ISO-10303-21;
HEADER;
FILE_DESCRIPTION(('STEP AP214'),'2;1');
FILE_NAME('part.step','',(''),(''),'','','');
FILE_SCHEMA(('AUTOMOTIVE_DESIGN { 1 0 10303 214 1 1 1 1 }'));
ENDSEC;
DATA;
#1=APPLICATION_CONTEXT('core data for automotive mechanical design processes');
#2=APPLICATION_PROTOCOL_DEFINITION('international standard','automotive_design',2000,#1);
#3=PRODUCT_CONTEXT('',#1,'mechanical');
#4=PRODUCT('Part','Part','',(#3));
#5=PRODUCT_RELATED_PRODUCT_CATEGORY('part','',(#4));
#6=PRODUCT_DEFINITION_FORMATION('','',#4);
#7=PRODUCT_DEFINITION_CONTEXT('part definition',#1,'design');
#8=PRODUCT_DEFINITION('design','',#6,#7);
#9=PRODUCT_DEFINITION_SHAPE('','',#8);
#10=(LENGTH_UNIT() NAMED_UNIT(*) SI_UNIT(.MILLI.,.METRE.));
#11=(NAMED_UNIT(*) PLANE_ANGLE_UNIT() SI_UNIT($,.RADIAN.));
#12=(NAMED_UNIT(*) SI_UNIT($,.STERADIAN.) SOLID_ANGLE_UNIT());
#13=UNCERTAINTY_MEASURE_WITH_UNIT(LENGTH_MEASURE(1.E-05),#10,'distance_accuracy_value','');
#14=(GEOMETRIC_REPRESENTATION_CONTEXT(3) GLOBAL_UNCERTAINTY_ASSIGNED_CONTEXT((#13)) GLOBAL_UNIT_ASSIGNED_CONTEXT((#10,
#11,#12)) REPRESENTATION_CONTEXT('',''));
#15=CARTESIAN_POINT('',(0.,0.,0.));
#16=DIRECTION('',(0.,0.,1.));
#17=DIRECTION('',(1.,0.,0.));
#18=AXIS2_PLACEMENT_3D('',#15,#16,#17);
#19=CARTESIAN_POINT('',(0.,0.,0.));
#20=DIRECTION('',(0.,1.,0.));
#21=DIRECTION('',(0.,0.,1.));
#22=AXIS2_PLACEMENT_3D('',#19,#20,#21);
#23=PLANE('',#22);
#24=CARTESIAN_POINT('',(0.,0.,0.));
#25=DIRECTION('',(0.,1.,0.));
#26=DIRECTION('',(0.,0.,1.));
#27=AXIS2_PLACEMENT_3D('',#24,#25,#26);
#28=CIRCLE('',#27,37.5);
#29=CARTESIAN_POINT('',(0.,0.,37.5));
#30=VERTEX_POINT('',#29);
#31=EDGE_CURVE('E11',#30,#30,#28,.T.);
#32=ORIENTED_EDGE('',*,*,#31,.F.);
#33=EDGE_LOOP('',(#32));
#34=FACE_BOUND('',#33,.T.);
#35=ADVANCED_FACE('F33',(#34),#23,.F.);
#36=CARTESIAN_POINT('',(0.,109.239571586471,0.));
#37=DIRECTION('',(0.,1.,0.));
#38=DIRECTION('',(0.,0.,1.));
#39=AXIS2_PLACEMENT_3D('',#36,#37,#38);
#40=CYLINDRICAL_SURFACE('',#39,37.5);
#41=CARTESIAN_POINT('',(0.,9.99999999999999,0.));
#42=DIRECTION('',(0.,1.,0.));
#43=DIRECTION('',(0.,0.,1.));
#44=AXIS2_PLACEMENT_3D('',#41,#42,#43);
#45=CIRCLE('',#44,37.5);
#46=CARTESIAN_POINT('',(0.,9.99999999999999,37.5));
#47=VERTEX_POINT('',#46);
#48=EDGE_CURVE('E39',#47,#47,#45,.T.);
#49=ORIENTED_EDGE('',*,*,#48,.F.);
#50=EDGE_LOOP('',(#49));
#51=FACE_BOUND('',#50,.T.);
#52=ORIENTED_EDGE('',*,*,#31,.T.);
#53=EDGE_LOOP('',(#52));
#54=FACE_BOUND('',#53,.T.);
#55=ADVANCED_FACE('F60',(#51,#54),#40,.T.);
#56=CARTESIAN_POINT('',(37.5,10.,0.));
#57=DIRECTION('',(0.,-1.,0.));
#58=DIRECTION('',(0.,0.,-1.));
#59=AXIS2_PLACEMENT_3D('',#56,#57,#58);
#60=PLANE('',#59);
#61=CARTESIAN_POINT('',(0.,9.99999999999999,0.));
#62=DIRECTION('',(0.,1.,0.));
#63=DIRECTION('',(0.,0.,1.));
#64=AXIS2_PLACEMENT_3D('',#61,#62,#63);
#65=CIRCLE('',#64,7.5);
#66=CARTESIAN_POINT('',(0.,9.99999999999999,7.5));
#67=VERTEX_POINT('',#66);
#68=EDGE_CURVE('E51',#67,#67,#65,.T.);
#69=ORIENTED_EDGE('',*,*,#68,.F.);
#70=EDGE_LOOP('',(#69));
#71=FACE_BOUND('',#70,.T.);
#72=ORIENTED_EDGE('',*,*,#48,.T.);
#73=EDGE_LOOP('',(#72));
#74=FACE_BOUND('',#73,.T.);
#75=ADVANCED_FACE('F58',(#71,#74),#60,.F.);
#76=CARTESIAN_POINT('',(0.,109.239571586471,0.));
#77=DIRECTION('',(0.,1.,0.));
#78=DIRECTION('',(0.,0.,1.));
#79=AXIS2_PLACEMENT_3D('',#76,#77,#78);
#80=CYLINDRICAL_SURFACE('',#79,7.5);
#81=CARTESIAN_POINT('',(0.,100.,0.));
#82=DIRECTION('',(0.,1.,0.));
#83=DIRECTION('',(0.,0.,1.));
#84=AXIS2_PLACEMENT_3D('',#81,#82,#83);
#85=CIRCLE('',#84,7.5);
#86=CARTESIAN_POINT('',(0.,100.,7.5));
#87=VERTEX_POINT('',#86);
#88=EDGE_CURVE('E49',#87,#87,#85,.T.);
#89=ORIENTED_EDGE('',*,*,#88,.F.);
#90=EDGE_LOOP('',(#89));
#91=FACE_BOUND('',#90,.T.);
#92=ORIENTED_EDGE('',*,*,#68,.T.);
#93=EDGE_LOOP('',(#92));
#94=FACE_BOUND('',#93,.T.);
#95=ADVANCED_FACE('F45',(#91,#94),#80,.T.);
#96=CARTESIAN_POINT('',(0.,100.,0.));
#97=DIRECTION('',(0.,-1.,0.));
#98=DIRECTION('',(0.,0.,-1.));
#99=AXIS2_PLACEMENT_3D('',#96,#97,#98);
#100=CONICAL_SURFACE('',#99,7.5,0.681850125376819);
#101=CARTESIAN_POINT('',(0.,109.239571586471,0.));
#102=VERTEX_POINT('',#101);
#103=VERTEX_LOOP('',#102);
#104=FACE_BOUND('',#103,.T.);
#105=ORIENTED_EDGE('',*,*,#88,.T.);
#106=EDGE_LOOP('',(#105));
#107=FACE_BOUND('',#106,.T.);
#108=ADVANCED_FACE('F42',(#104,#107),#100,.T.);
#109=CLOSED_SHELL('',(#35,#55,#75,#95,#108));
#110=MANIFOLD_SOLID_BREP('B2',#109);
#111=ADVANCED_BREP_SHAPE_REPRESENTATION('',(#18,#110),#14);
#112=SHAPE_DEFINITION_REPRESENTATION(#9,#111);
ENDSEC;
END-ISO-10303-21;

================================

EXERCISE DIRECTIONS: Could you restate, word for word, the lines above from the one with "#38=DIRECTION('',(0.,0.,1.));" to the one with "#71=FACE_BOUND('',#70,.T.);", both included?

RESULT FOR THIS TASK:
#38=DIRECTION('',(0.,0.,1.));
#39=AXIS2_PLACEMENT_3D('',#36,#37,#38);
#40=CYLINDRICAL_SURFACE('',#39,37.5);
#41=CARTESIAN_POINT('',(0.,9.99999999999999,0.));
#42=DIRECTION('',(0.,1.,0.));
#43=DIRECTION('',(0.,0.,1.));
#44=AXIS2_PLACEMENT_3D('',#41,#42,#43);
#45=CIRCLE('',#44,37.5);
#46=CARTESIAN_POINT('',(0.,9.99999999999999,37.5));
#47=VERTEX_POINT('',#46);
#48=EDGE_CURVE('E39',#47,#47,#45,.T.);
#49=ORIENTED_EDGE('',*,*,#48,.F.);
#50=EDGE_LOOP('',(#49));
#51=FACE_BOUND('',#50,.T.);
#52=ORIENTED_EDGE('',*,*,#31,.T.);
#53=EDGE_LOOP('',(#52));
#54=FACE_BOUND('',#53,.T.);
#55=ADVANCED_FACE('F60',(#51,#54),#40,.T.);
#56=CARTESIAN_POINT('',(37.5,10.,0.));
#57=DIRECTION('',(0.,-1.,0.));
#58=DIRECTION('',(0.,0.,-1.));
#59=AXIS2_PLACEMENT_3D('',#56,#57,#58);
#60=PLANE('',#59);
#61=CARTESIAN_POINT('',(0.,9.99999999999999,0.));
#62=DIRECTION('',(0.,1.,0.));
#63=DIRECTION('',(0.,0.,1.));
#64=AXIS2_PLACEMENT_3D('',#61,#62,#63);
#65=CIRCLE('',#64,7.5);
#66=CARTESIAN_POINT('',(0.,9.99999999999999,7.5));
#67=VERTEX_POINT('',#66);
#68=EDGE_CURVE('E51',#67,#67,#65,.T.);
#69=ORIENTED_EDGE('',*,*,#68,.F.);
#70=EDGE_LOOP('',(#69));
#71=FACE_BOUND('',#70,.T.);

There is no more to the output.